In Kunen's Set Theory: An Introduction to Independence Proofs, Ch. VII, section 3, page 195, in definition 3.3 about forcing equality, it reads:
$p \Vdash^* t_1 = t_2 \text { iff } \\ \space \space (\alpha) \ \text {forall } \langle \pi_1,s_1 \rangle \in t_1,\\ \space\\ \space \space \{q \leq p : q \leq s_1 \to \exists \langle \pi_2,s_2 \rangle \in t_2 \,(q \leq s_2 \land q \Vdash^* \pi_1=\pi_2)\} \\ \space \\ \text {is dense below } p, \text { and } \\ \space \space (\beta) \ \text{forall } \langle \pi_2,s_2 \rangle \in t_2,\\ \space \\ \space \space \{q \leq p : q \leq s_2 \to \exists \langle \pi_1,s_1 \rangle \in t_1 \, (q \leq s_1 \land q \Vdash^* \pi_1=\pi_2)\} \\ \space \\\text { is dense below } p$.
My question is that this definition includes conditions $q \leq p \land q \not \leq s_1$ , and $q \leq p \land q \not \leq s_2$ in the definition of the first and second sets respectively?

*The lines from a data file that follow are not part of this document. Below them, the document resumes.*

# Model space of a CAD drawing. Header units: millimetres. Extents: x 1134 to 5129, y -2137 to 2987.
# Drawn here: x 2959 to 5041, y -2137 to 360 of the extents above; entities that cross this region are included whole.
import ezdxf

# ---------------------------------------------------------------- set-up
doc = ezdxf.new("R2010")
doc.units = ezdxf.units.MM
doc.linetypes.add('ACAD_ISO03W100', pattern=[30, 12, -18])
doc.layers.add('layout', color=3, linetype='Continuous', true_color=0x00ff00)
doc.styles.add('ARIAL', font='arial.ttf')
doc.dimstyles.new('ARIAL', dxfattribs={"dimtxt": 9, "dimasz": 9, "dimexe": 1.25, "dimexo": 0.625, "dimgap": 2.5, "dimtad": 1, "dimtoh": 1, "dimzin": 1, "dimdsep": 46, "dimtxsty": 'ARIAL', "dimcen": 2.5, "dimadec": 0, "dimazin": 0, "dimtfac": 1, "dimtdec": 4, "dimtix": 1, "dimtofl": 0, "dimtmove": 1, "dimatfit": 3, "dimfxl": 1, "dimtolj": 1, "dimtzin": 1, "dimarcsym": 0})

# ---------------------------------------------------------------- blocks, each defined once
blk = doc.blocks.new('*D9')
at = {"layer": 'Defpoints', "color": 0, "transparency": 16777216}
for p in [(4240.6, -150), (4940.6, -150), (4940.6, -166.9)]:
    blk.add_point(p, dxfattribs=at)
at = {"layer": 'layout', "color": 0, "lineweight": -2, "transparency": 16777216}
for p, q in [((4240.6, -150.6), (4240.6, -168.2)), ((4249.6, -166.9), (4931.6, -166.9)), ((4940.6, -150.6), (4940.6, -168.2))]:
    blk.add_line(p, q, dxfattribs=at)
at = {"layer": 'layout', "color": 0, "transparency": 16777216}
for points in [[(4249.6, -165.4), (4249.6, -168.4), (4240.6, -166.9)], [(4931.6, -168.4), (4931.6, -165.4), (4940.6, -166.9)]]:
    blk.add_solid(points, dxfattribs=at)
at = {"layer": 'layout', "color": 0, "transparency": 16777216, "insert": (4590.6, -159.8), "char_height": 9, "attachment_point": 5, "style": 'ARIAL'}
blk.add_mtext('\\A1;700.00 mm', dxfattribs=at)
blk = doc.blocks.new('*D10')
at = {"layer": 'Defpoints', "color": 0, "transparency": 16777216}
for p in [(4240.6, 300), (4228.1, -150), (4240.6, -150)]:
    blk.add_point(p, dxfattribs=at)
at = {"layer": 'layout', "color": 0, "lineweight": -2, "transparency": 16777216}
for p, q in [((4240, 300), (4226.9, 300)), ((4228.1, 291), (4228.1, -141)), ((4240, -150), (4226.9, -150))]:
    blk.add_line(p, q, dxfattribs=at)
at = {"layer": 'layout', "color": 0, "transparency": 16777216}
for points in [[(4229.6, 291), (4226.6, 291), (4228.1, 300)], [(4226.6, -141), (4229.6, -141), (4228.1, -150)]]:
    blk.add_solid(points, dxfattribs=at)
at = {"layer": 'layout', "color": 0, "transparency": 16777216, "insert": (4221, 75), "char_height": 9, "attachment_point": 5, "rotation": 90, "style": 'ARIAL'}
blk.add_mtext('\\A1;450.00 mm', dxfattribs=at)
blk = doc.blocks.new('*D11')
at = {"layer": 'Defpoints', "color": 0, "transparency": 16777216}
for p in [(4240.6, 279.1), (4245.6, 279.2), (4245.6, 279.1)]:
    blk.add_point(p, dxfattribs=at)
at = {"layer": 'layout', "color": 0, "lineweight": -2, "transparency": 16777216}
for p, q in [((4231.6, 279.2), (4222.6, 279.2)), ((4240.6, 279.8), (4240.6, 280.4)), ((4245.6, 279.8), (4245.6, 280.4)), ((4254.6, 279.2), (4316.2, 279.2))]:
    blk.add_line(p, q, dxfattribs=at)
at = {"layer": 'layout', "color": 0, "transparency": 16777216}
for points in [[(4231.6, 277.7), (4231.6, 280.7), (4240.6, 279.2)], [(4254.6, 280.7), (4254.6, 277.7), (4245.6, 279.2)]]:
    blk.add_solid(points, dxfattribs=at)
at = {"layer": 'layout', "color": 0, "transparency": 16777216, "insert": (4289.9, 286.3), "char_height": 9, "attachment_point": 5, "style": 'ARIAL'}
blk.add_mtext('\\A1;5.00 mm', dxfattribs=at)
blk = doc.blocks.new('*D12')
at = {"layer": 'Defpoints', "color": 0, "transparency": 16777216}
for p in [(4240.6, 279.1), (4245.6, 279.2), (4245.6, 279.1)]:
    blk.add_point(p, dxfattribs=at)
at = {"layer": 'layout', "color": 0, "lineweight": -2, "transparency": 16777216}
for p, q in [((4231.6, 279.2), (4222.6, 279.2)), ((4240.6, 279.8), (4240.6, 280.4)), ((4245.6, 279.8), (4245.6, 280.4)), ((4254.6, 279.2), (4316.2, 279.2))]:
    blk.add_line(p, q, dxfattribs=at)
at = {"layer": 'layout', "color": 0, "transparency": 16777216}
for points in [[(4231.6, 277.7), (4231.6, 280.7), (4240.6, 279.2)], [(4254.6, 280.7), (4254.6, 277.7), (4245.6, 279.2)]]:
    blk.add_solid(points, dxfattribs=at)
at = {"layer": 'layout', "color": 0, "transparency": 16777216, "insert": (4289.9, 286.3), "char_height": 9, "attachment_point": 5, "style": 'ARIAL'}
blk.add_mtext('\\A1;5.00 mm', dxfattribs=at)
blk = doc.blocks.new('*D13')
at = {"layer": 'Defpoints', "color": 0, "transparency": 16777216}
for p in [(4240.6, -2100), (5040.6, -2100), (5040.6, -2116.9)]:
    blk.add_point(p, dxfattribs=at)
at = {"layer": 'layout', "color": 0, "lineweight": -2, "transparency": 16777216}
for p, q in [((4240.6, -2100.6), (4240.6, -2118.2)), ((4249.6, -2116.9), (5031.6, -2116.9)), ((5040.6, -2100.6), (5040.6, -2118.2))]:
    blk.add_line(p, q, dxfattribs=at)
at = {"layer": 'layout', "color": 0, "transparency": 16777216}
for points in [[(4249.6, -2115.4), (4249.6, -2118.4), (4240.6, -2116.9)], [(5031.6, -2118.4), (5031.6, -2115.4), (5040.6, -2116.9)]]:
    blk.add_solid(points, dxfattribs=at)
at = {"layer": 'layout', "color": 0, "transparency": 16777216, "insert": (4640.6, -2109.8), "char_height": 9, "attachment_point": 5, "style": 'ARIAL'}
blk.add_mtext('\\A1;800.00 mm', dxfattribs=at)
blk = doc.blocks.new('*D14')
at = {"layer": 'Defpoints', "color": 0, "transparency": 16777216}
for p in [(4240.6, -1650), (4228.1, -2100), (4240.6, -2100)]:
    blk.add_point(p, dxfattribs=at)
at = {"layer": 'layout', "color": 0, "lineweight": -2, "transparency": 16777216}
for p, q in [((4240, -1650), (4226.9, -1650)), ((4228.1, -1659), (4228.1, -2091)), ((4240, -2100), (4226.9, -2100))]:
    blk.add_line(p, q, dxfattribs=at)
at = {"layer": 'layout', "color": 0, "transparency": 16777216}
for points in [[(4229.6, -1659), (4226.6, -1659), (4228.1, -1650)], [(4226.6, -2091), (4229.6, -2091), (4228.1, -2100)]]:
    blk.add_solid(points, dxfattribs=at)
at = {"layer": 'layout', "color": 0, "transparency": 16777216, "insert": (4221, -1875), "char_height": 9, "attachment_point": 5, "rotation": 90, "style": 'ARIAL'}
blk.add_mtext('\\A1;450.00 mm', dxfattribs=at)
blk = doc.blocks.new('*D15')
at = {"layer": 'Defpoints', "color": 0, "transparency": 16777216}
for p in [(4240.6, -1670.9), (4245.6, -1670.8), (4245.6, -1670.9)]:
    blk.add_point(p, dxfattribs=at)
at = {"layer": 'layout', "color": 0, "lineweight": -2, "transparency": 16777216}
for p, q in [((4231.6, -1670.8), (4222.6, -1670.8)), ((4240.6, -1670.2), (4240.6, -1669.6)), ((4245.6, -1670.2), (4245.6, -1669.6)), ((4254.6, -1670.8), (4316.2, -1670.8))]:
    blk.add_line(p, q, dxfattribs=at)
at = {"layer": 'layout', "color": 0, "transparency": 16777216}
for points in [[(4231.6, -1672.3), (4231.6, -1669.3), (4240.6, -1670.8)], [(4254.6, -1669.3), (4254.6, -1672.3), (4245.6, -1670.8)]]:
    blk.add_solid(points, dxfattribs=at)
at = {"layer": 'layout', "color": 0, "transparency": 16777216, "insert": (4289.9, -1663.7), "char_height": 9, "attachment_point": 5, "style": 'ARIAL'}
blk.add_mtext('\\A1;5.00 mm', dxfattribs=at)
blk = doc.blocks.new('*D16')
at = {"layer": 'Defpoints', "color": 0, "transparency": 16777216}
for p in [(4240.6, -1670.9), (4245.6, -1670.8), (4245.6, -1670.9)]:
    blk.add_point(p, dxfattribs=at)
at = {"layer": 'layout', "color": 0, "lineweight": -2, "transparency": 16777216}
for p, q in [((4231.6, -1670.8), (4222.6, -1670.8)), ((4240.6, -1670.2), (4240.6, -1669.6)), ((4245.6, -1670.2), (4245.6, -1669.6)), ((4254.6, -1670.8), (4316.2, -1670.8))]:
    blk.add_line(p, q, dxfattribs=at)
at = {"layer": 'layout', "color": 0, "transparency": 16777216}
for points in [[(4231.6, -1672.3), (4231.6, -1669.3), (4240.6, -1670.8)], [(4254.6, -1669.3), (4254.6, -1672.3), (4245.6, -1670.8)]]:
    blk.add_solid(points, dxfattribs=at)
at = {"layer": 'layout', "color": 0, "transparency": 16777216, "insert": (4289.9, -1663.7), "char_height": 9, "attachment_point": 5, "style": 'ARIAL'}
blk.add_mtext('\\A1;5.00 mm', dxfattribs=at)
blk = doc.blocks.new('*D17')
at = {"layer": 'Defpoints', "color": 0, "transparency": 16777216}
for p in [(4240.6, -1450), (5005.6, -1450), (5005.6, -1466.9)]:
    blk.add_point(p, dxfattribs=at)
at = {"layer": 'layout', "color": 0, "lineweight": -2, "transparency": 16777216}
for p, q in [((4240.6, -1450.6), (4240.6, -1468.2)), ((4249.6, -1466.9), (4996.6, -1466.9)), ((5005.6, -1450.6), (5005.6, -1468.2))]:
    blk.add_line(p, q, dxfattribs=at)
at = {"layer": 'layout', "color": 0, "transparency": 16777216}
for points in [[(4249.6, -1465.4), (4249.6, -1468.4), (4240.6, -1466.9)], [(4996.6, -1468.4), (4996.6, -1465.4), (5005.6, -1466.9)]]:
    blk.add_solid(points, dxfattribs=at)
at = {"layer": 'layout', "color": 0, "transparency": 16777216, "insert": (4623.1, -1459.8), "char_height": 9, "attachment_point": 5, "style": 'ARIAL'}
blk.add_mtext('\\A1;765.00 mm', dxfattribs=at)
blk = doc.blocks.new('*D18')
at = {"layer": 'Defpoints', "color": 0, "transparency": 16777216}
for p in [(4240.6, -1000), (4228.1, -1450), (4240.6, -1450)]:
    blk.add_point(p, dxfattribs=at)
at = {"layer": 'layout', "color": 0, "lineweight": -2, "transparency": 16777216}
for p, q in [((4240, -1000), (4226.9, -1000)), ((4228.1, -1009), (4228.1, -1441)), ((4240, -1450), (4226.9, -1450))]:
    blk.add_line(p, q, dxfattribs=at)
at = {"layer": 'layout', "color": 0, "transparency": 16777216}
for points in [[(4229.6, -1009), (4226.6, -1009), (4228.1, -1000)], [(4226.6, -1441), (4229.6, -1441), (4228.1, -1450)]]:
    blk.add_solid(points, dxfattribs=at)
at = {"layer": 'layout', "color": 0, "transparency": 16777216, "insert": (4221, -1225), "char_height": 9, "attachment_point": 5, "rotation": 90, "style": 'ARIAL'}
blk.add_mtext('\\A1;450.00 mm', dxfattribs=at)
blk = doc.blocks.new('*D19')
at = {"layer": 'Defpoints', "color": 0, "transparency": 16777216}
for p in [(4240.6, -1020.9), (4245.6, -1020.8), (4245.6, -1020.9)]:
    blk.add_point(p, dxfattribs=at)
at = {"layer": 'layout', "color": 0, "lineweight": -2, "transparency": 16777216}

What's the reason for including those conditions? Why not just using sets:
$\{q \leq p : q \leq s_1 \land \exists \langle \pi_2,s_2 \rangle \in t_2 \, (q \leq s_2 \land q \Vdash^* \pi_1=\pi_2)\} \\ \{q \leq p : q \leq s_2 \land \exists \langle \pi_1,s_1 \rangle \in t_1 \, (q \leq s_1 \land q \Vdash^* \pi_1=\pi_2)\}$
in the above definition?
Best Answer
Here is an outline answer for those fairly new to Forcing (with P-names having a dot over them):
Taking as the example :
$p \Vdash^* \dot t_1 = \dot t_2 \text { iff } \\ \space \space (\alpha) \ \text {forall } \langle \dot \pi_1,s_1 \rangle \in \dot t_1,\\ \space\\ \space \space \{q \leq p : q \leq s_1 \to \exists \langle \dot \pi_2,s_2 \rangle \in \dot t_2 \,(q \leq s_2 \land q \Vdash^* \dot \pi_1=\dot \pi_2)\} \\ \space \\ \text {is dense below } p$
Lets assume for simplicity, in $\Bbb P$, below the element p there are just two disjoint branches, one containing $s_1$ and one not containing $s_1$. One key point to note is that $q \nleq s_1$ has two possible solutions in a partial order : [$q > s_1$] OR [$ q \ngtr s_1$ AND $ q \nleq s_1$]. So $q \nleq s_1$ could include all $q < p$ in the branch not containing $s_1$.
The intended interpretation of $p \Vdash^*$ is that all G which contain p will satisfy $(\alpha)$ in the model M[G] containing G. However within the base model M not even one G is known. So $(\alpha)$ must work with all G containing p and all possible $\Bbb P$ in M. (We will for ease restrict $\Bbb P$ to the example mentioned above)
There are two cases :
Case 1 : $\langle \dot \pi_1,s_1 \rangle$ is not activated
Some (or all) of these G do not contain $s_1$, so may have elements in the path below p not containing $s_1$, or above $s_1$ but less than p. In this case it doesn't matter since $\langle \dot \pi_1,s_1 \rangle$ will not be activated when determining the expressions true in M[G] and will take no part in determining equality of $\dot t_1$[G] and $\dot t_2$[G] in M[G]. So these particular $q \nleq s_1$ are valid inputs to $(\alpha)$.
Case 2 : $\langle \dot \pi_1,s_1 \rangle$ is activated
Some (or all) of these G do contain $s_1$ and in this case $(\alpha)$ applies with the cases $q \leq s_1 $.
Always achieving dense below p when required
Since $(\alpha)$ has to work with both those G not containing $s_1$, and with those G containing $s_1$, then both cases $q \nleq s_1$ and $q\leq s_1$ need to be included in the dense set definition. If only the $q\leq s_1$ cases were included then the set in $(\alpha)$ may not be dense below p, since there would be no elements from the path below p not containing $s_1$ (in the $\Bbb P$ assumed in this answer).